======== Data ========

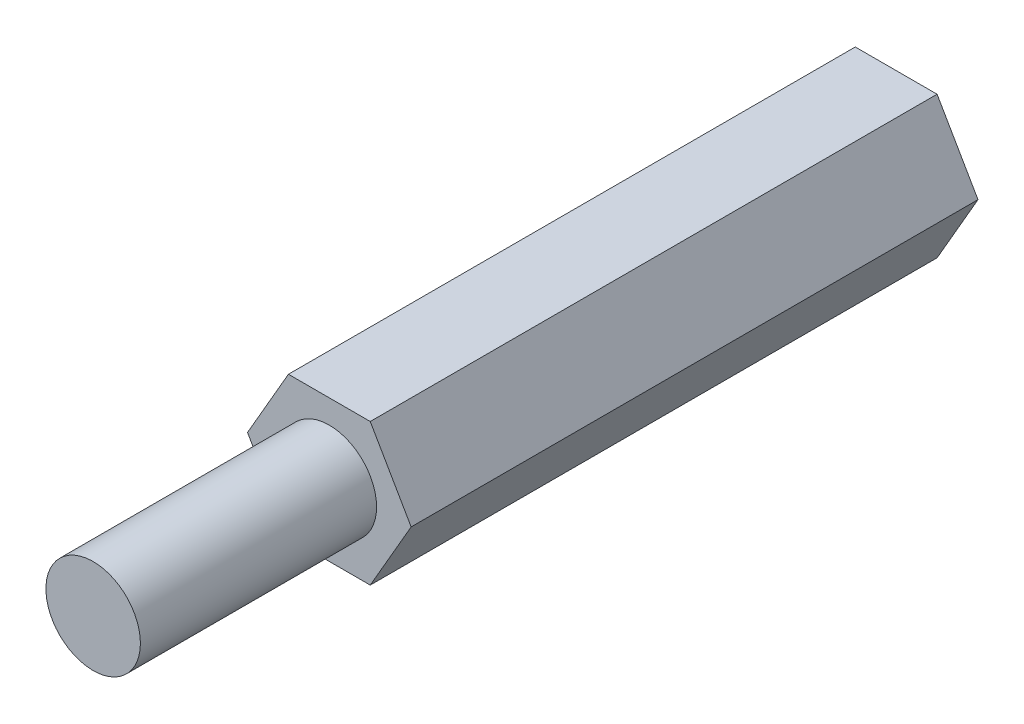
ISO-10303-21;
HEADER;
FILE_DESCRIPTION(('STEP AP214'),'2;1');
FILE_NAME('part.step','',(''),(''),'','','');
FILE_SCHEMA(('AUTOMOTIVE_DESIGN { 1 0 10303 214 1 1 1 1 }'));
ENDSEC;
DATA;
#1=APPLICATION_CONTEXT('core data for automotive mechanical design processes');
#2=APPLICATION_PROTOCOL_DEFINITION('international standard','automotive_design',2000,#1);
#3=PRODUCT_CONTEXT('',#1,'mechanical');
#4=PRODUCT('Part','Part','',(#3));
#5=PRODUCT_RELATED_PRODUCT_CATEGORY('part','',(#4));
#6=PRODUCT_DEFINITION_FORMATION('','',#4);
#7=PRODUCT_DEFINITION_CONTEXT('part definition',#1,'design');
#8=PRODUCT_DEFINITION('design','',#6,#7);
#9=PRODUCT_DEFINITION_SHAPE('','',#8);
#10=(LENGTH_UNIT() NAMED_UNIT(*) SI_UNIT(.MILLI.,.METRE.));
#11=(NAMED_UNIT(*) PLANE_ANGLE_UNIT() SI_UNIT($,.RADIAN.));
#12=(NAMED_UNIT(*) SI_UNIT($,.STERADIAN.) SOLID_ANGLE_UNIT());
#13=UNCERTAINTY_MEASURE_WITH_UNIT(LENGTH_MEASURE(1.E-05),#10,'distance_accuracy_value','');
#14=(GEOMETRIC_REPRESENTATION_CONTEXT(3) GLOBAL_UNCERTAINTY_ASSIGNED_CONTEXT((#13)) GLOBAL_UNIT_ASSIGNED_CONTEXT((#10,
#11,#12)) REPRESENTATION_CONTEXT('',''));
#15=CARTESIAN_POINT('',(0.,0.,0.));
#16=DIRECTION('',(0.,0.,1.));
#17=DIRECTION('',(1.,0.,0.));
#18=AXIS2_PLACEMENT_3D('',#15,#16,#17);
#19=CARTESIAN_POINT('',(-0.866025403784438,-1.5,12.));
#20=DIRECTION('',(0.,1.,0.));
#21=DIRECTION('',(-1.,0.,0.));
#22=AXIS2_PLACEMENT_3D('',#19,#20,#21);
#23=PLANE('',#22);
#24=DIRECTION('',(1.,0.,0.));
#25=VECTOR('',#24,1.);
#26=CARTESIAN_POINT('',(-0.866025403784438,-1.5,0.));
#27=LINE('',#26,#25);
#28=CARTESIAN_POINT('',(-0.866025403784438,-1.5,0.));
#29=VERTEX_POINT('',#28);
#30=CARTESIAN_POINT('',(0.866025403784439,-1.5,0.));
#31=VERTEX_POINT('',#30);
#32=EDGE_CURVE('E121',#29,#31,#27,.T.);
#33=ORIENTED_EDGE('',*,*,#32,.T.);
#34=DIRECTION('',(0.,0.,-1.));
#35=VECTOR('',#34,1.);
#36=CARTESIAN_POINT('',(0.866025403784439,-1.5,12.));
#37=LINE('',#36,#35);
#38=CARTESIAN_POINT('',(0.866025403784439,-1.5,12.));
#39=VERTEX_POINT('',#38);
#40=EDGE_CURVE('E36',#39,#31,#37,.T.);
#41=ORIENTED_EDGE('',*,*,#40,.F.);
#42=DIRECTION('',(1.,0.,0.));
#43=VECTOR('',#42,1.);
#44=CARTESIAN_POINT('',(-0.866025403784438,-1.5,12.));
#45=LINE('',#44,#43);
#46=CARTESIAN_POINT('',(-0.866025403784438,-1.5,12.));
#47=VERTEX_POINT('',#46);
#48=EDGE_CURVE('E132',#47,#39,#45,.T.);
#49=ORIENTED_EDGE('',*,*,#48,.F.);
#50=DIRECTION('',(0.,0.,-1.));
#51=VECTOR('',#50,1.);
#52=CARTESIAN_POINT('',(-0.866025403784438,-1.5,12.));
#53=LINE('',#52,#51);
#54=EDGE_CURVE('E117',#47,#29,#53,.T.);
#55=ORIENTED_EDGE('',*,*,#54,.T.);
#56=EDGE_LOOP('',(#33,#41,#49,#55));
#57=FACE_BOUND('',#56,.T.);
#58=ADVANCED_FACE('F33',(#57),#23,.F.);
#59=CARTESIAN_POINT('',(0.866025403784439,-1.5,12.));
#60=DIRECTION('',(-0.866025403784439,0.5,0.));
#61=DIRECTION('',(-0.5,-0.866025403784439,0.));
#62=AXIS2_PLACEMENT_3D('',#59,#60,#61);
#63=PLANE('',#62);
#64=DIRECTION('',(0.5,0.866025403784439,0.));
#65=VECTOR('',#64,1.);
#66=CARTESIAN_POINT('',(0.866025403784439,-1.5,0.));
#67=LINE('',#66,#65);
#68=CARTESIAN_POINT('',(1.73205080756888,0.,0.));
#69=VERTEX_POINT('',#68);
#70=EDGE_CURVE('E124',#31,#69,#67,.T.);
#71=ORIENTED_EDGE('',*,*,#70,.T.);
#72=DIRECTION('',(0.,0.,-1.));
#73=VECTOR('',#72,1.);
#74=CARTESIAN_POINT('',(1.73205080756888,0.,12.));
#75=LINE('',#74,#73);
#76=CARTESIAN_POINT('',(1.73205080756888,0.,12.));
#77=VERTEX_POINT('',#76);
#78=EDGE_CURVE('E135',#77,#69,#75,.T.);
#79=ORIENTED_EDGE('',*,*,#78,.F.);
#80=DIRECTION('',(0.5,0.866025403784439,0.));
#81=VECTOR('',#80,1.);
#82=CARTESIAN_POINT('',(0.866025403784439,-1.5,12.));
#83=LINE('',#82,#81);
#84=EDGE_CURVE('E89',#39,#77,#83,.T.);
#85=ORIENTED_EDGE('',*,*,#84,.F.);
#86=ORIENTED_EDGE('',*,*,#40,.T.);
#87=EDGE_LOOP('',(#71,#79,#85,#86));
#88=FACE_BOUND('',#87,.T.);
#89=ADVANCED_FACE('F140',(#88),#63,.F.);
#90=CARTESIAN_POINT('',(1.73205080756888,0.,12.));
#91=DIRECTION('',(-0.866025403784438,-0.5,0.));
#92=DIRECTION('',(0.5,-0.866025403784439,0.));
#93=AXIS2_PLACEMENT_3D('',#90,#91,#92);
#94=PLANE('',#93);
#95=DIRECTION('',(-0.5,0.866025403784439,0.));
#96=VECTOR('',#95,1.);
#97=CARTESIAN_POINT('',(1.73205080756888,0.,0.));
#98=LINE('',#97,#96);
#99=CARTESIAN_POINT('',(0.866025403784439,1.5,0.));
#100=VERTEX_POINT('',#99);
#101=EDGE_CURVE('E127',#69,#100,#98,.T.);
#102=ORIENTED_EDGE('',*,*,#101,.T.);
#103=DIRECTION('',(0.,0.,-1.));
#104=VECTOR('',#103,1.);
#105=CARTESIAN_POINT('',(0.866025403784439,1.5,12.));
#106=LINE('',#105,#104);
#107=CARTESIAN_POINT('',(0.866025403784439,1.5,12.));
#108=VERTEX_POINT('',#107);
#109=EDGE_CURVE('E112',#108,#100,#106,.T.);
#110=ORIENTED_EDGE('',*,*,#109,.F.);
#111=DIRECTION('',(-0.5,0.866025403784439,0.));
#112=VECTOR('',#111,1.);
#113=CARTESIAN_POINT('',(1.73205080756888,0.,12.));
#114=LINE('',#113,#112);
#115=EDGE_CURVE('E103',#77,#108,#114,.T.);
#116=ORIENTED_EDGE('',*,*,#115,.F.);
#117=ORIENTED_EDGE('',*,*,#78,.T.);
#118=EDGE_LOOP('',(#102,#110,#116,#117));
#119=FACE_BOUND('',#118,.T.);
#120=ADVANCED_FACE('F146',(#119),#94,.F.);
#121=CARTESIAN_POINT('',(0.866025403784439,1.5,12.));
#122=DIRECTION('',(0.,-1.,0.));
#123=DIRECTION('',(0.,0.,-1.));
#124=AXIS2_PLACEMENT_3D('',#121,#122,#123);
#125=PLANE('',#124);
#126=DIRECTION('',(-1.,0.,0.));
#127=VECTOR('',#126,1.);
#128=CARTESIAN_POINT('',(0.866025403784439,1.5,0.));
#129=LINE('',#128,#127);
#130=CARTESIAN_POINT('',(-0.866025403784439,1.5,0.));
#131=VERTEX_POINT('',#130);
#132=EDGE_CURVE('E111',#100,#131,#129,.T.);
#133=ORIENTED_EDGE('',*,*,#132,.T.);
#134=DIRECTION('',(0.,0.,-1.));
#135=VECTOR('',#134,1.);
#136=CARTESIAN_POINT('',(-0.866025403784439,1.5,12.));
#137=LINE('',#136,#135);
#138=CARTESIAN_POINT('',(-0.866025403784439,1.5,12.));
#139=VERTEX_POINT('',#138);
#140=EDGE_CURVE('E108',#139,#131,#137,.T.);
#141=ORIENTED_EDGE('',*,*,#140,.F.);
#142=DIRECTION('',(-1.,0.,0.));
#143=VECTOR('',#142,1.);
#144=CARTESIAN_POINT('',(0.866025403784439,1.5,12.));
#145=LINE('',#144,#143);
#146=EDGE_CURVE('E97',#108,#139,#145,.T.);
#147=ORIENTED_EDGE('',*,*,#146,.F.);
#148=ORIENTED_EDGE('',*,*,#109,.T.);
#149=EDGE_LOOP('',(#133,#141,#147,#148));
#150=FACE_BOUND('',#149,.T.);
#151=ADVANCED_FACE('F109',(#150),#125,.F.);
#152=CARTESIAN_POINT('',(-0.866025403784439,1.5,12.));
#153=DIRECTION('',(0.866025403784439,-0.5,0.));
#154=DIRECTION('',(0.5,0.866025403784439,0.));
#155=AXIS2_PLACEMENT_3D('',#152,#153,#154);
#156=PLANE('',#155);
#157=DIRECTION('',(-0.5,-0.866025403784439,0.));
#158=VECTOR('',#157,1.);
#159=CARTESIAN_POINT('',(-0.866025403784439,1.5,0.));
#160=LINE('',#159,#158);
#161=CARTESIAN_POINT('',(-1.73205080756888,0.,0.));
#162=VERTEX_POINT('',#161);
#163=EDGE_CURVE('E74',#131,#162,#160,.T.);
#164=ORIENTED_EDGE('',*,*,#163,.T.);
#165=DIRECTION('',(0.,0.,-1.));
#166=VECTOR('',#165,1.);
#167=CARTESIAN_POINT('',(-1.73205080756888,0.,12.));
#168=LINE('',#167,#166);
#169=CARTESIAN_POINT('',(-1.73205080756888,0.,12.));
#170=VERTEX_POINT('',#169);
#171=EDGE_CURVE('E113',#170,#162,#168,.T.);
#172=ORIENTED_EDGE('',*,*,#171,.F.);
#173=DIRECTION('',(-0.5,-0.866025403784439,0.));
#174=VECTOR('',#173,1.);
#175=CARTESIAN_POINT('',(-0.866025403784439,1.5,12.));
#176=LINE('',#175,#174);
#177=EDGE_CURVE('E101',#139,#170,#176,.T.);
#178=ORIENTED_EDGE('',*,*,#177,.F.);
#179=ORIENTED_EDGE('',*,*,#140,.T.);
#180=EDGE_LOOP('',(#164,#172,#178,#179));
#181=FACE_BOUND('',#180,.T.);
#182=ADVANCED_FACE('F115',(#181),#156,.F.);
#183=CARTESIAN_POINT('',(-1.73205080756888,0.,12.));
#184=DIRECTION('',(0.866025403784439,0.5,0.));
#185=DIRECTION('',(-0.5,0.866025403784439,0.));
#186=AXIS2_PLACEMENT_3D('',#183,#184,#185);
#187=PLANE('',#186);
#188=DIRECTION('',(0.5,-0.866025403784439,0.));
#189=VECTOR('',#188,1.);
#190=CARTESIAN_POINT('',(-1.73205080756888,0.,0.));
#191=LINE('',#190,#189);
#192=EDGE_CURVE('E80',#162,#29,#191,.T.);
#193=ORIENTED_EDGE('',*,*,#192,.T.);
#194=ORIENTED_EDGE('',*,*,#54,.F.);
#195=DIRECTION('',(0.5,-0.866025403784439,0.));
#196=VECTOR('',#195,1.);
#197=CARTESIAN_POINT('',(-1.73205080756888,0.,12.));
#198=LINE('',#197,#196);
#199=EDGE_CURVE('E50',#170,#47,#198,.T.);
#200=ORIENTED_EDGE('',*,*,#199,.F.);
#201=ORIENTED_EDGE('',*,*,#171,.T.);
#202=EDGE_LOOP('',(#193,#194,#200,#201));
#203=FACE_BOUND('',#202,.T.);
#204=ADVANCED_FACE('F171',(#203),#187,.F.);
#205=CARTESIAN_POINT('',(0.,0.,12.));
#206=DIRECTION('',(0.,0.,1.));
#207=DIRECTION('',(1.,0.,0.));
#208=AXIS2_PLACEMENT_3D('',#205,#206,#207);
#209=PLANE('',#208);
#210=CARTESIAN_POINT('',(0.,0.,12.));
#211=DIRECTION('',(0.,0.,1.));
#212=DIRECTION('',(1.,0.,0.));
#213=AXIS2_PLACEMENT_3D('',#210,#211,#212);
#214=CIRCLE('',#213,1.);
#215=CARTESIAN_POINT('',(1.,0.,12.));
#216=VERTEX_POINT('',#215);
#217=EDGE_CURVE('E11',#216,#216,#214,.T.);
#218=ORIENTED_EDGE('',*,*,#217,.F.);
#219=EDGE_LOOP('',(#218));
#220=FACE_BOUND('',#219,.T.);
#221=ORIENTED_EDGE('',*,*,#48,.T.);
#222=ORIENTED_EDGE('',*,*,#84,.T.);
#223=ORIENTED_EDGE('',*,*,#115,.T.);
#224=ORIENTED_EDGE('',*,*,#146,.T.);
#225=ORIENTED_EDGE('',*,*,#177,.T.);
#226=ORIENTED_EDGE('',*,*,#199,.T.);
#227=EDGE_LOOP('',(#221,#222,#223,#224,#225,#226));
#228=FACE_BOUND('',#227,.T.);
#229=ADVANCED_FACE('F99',(#220,#228),#209,.T.);
#230=CARTESIAN_POINT('',(0.,0.,0.));
#231=DIRECTION('',(0.,0.,1.));
#232=DIRECTION('',(1.,0.,0.));
#233=AXIS2_PLACEMENT_3D('',#230,#231,#232);
#234=PLANE('',#233);
#235=CARTESIAN_POINT('',(0.,0.,0.));
#236=DIRECTION('',(0.,0.,-1.));
#237=DIRECTION('',(-1.,0.,0.));
#238=AXIS2_PLACEMENT_3D('',#235,#236,#237);
#239=CIRCLE('',#238,1.19999999999999);
#240=CARTESIAN_POINT('',(-1.19999999999999,0.,0.));
#241=VERTEX_POINT('',#240);
#242=EDGE_CURVE('E155',#241,#241,#239,.T.);
#243=ORIENTED_EDGE('',*,*,#242,.F.);
#244=EDGE_LOOP('',(#243));
#245=FACE_BOUND('',#244,.T.);
#246=ORIENTED_EDGE('',*,*,#32,.F.);
#247=ORIENTED_EDGE('',*,*,#192,.F.);
#248=ORIENTED_EDGE('',*,*,#163,.F.);
#249=ORIENTED_EDGE('',*,*,#132,.F.);
#250=ORIENTED_EDGE('',*,*,#101,.F.);
#251=ORIENTED_EDGE('',*,*,#70,.F.);
#252=EDGE_LOOP('',(#246,#247,#248,#249,#250,#251));
#253=FACE_BOUND('',#252,.T.);
#254=ADVANCED_FACE('F145',(#245,#253),#234,.F.);
#255=CARTESIAN_POINT('',(0.,0.,17.));
#256=DIRECTION('',(0.,0.,-1.));
#257=DIRECTION('',(-1.,0.,0.));
#258=AXIS2_PLACEMENT_3D('',#255,#256,#257);
#259=CYLINDRICAL_SURFACE('',#258,1.);
#260=CARTESIAN_POINT('',(0.,0.,17.));
#261=DIRECTION('',(0.,0.,1.));
#262=DIRECTION('',(1.,0.,0.));
#263=AXIS2_PLACEMENT_3D('',#260,#261,#262);
#264=CIRCLE('',#263,1.);
#265=CARTESIAN_POINT('',(1.,0.,17.));
#266=VERTEX_POINT('',#265);
#267=EDGE_CURVE('E125',#266,#266,#264,.T.);
#268=ORIENTED_EDGE('',*,*,#267,.F.);
#269=EDGE_LOOP('',(#268));
#270=FACE_BOUND('',#269,.T.);
#271=ORIENTED_EDGE('',*,*,#217,.T.);
#272=EDGE_LOOP('',(#271));
#273=FACE_BOUND('',#272,.T.);
#274=ADVANCED_FACE('F162',(#270,#273),#259,.T.);
#275=CARTESIAN_POINT('',(0.,0.,17.));
#276=DIRECTION('',(0.,0.,1.));
#277=DIRECTION('',(1.,0.,0.));
#278=AXIS2_PLACEMENT_3D('',#275,#276,#277);
#279=PLANE('',#278);
#280=ORIENTED_EDGE('',*,*,#267,.T.);
#281=EDGE_LOOP('',(#280));
#282=FACE_BOUND('',#281,.T.);
#283=ADVANCED_FACE('F168',(#282),#279,.T.);
#284=CARTESIAN_POINT('',(0.,0.,3.));
#285=DIRECTION('',(0.,0.,-1.));
#286=DIRECTION('',(-1.,0.,0.));
#287=AXIS2_PLACEMENT_3D('',#284,#285,#286);
#288=CONICAL_SURFACE('',#287,1.2,1.02974425867665);
#289=CARTESIAN_POINT('',(0.,0.,3.72103274283307));
#290=VERTEX_POINT('',#289);
#291=VERTEX_LOOP('',#290);
#292=FACE_BOUND('',#291,.T.);
#293=CARTESIAN_POINT('',(0.,0.,3.));
#294=DIRECTION('',(0.,0.,-1.));
#295=DIRECTION('',(-1.,0.,0.));
#296=AXIS2_PLACEMENT_3D('',#293,#294,#295);
#297=CIRCLE('',#296,1.2);
#298=CARTESIAN_POINT('',(-1.2,0.,3.));
#299=VERTEX_POINT('',#298);
#300=EDGE_CURVE('E152',#299,#299,#297,.T.);
#301=ORIENTED_EDGE('',*,*,#300,.T.);
#302=EDGE_LOOP('',(#301));
#303=FACE_BOUND('',#302,.T.);
#304=ADVANCED_FACE('F211',(#292,#303),#288,.F.);
#305=CARTESIAN_POINT('',(0.,0.,0.));
#306=DIRECTION('',(0.,0.,-1.));
#307=DIRECTION('',(-1.,0.,0.));
#308=AXIS2_PLACEMENT_3D('',#305,#306,#307);
#309=CYLINDRICAL_SURFACE('',#308,1.19999999999999);
#310=ORIENTED_EDGE('',*,*,#300,.F.);
#311=EDGE_LOOP('',(#310));
#312=FACE_BOUND('',#311,.T.);
#313=ORIENTED_EDGE('',*,*,#242,.T.);
#314=EDGE_LOOP('',(#313));
#315=FACE_BOUND('',#314,.T.);
#316=ADVANCED_FACE('F159',(#312,#315),#309,.F.);
#317=CLOSED_SHELL('',(#58,#89,#120,#151,#182,#204,#229,#254,#274,#283,#304,#316));
#318=MANIFOLD_SOLID_BREP('B2',#317);
#319=ADVANCED_BREP_SHAPE_REPRESENTATION('',(#18,#318),#14);
#320=SHAPE_DEFINITION_REPRESENTATION(#9,#319);
ENDSEC;
END-ISO-10303-21;

========

--- Your instructions ---
Nothing but the lines above from the one containing "#155=AXIS2_PLACEMENT_3D('',#152,#153,#154);" through the one containing "#164=ORIENTED_EDGE('',*,*,#163,.T.);" should appear in the answer, each repeated exactly.

--- Response area ---
#155=AXIS2_PLACEMENT_3D('',#152,#153,#154);
#156=PLANE('',#155);
#157=DIRECTION('',(-0.5,-0.866025403784439,0.));
#158=VECTOR('',#157,1.);
#159=CARTESIAN_POINT('',(-0.866025403784439,1.5,0.));
#160=LINE('',#159,#158);
#161=CARTESIAN_POINT('',(-1.73205080756888,0.,0.));
#162=VERTEX_POINT('',#161);
#163=EDGE_CURVE('E74',#131,#162,#160,.T.);
#164=ORIENTED_EDGE('',*,*,#163,.T.);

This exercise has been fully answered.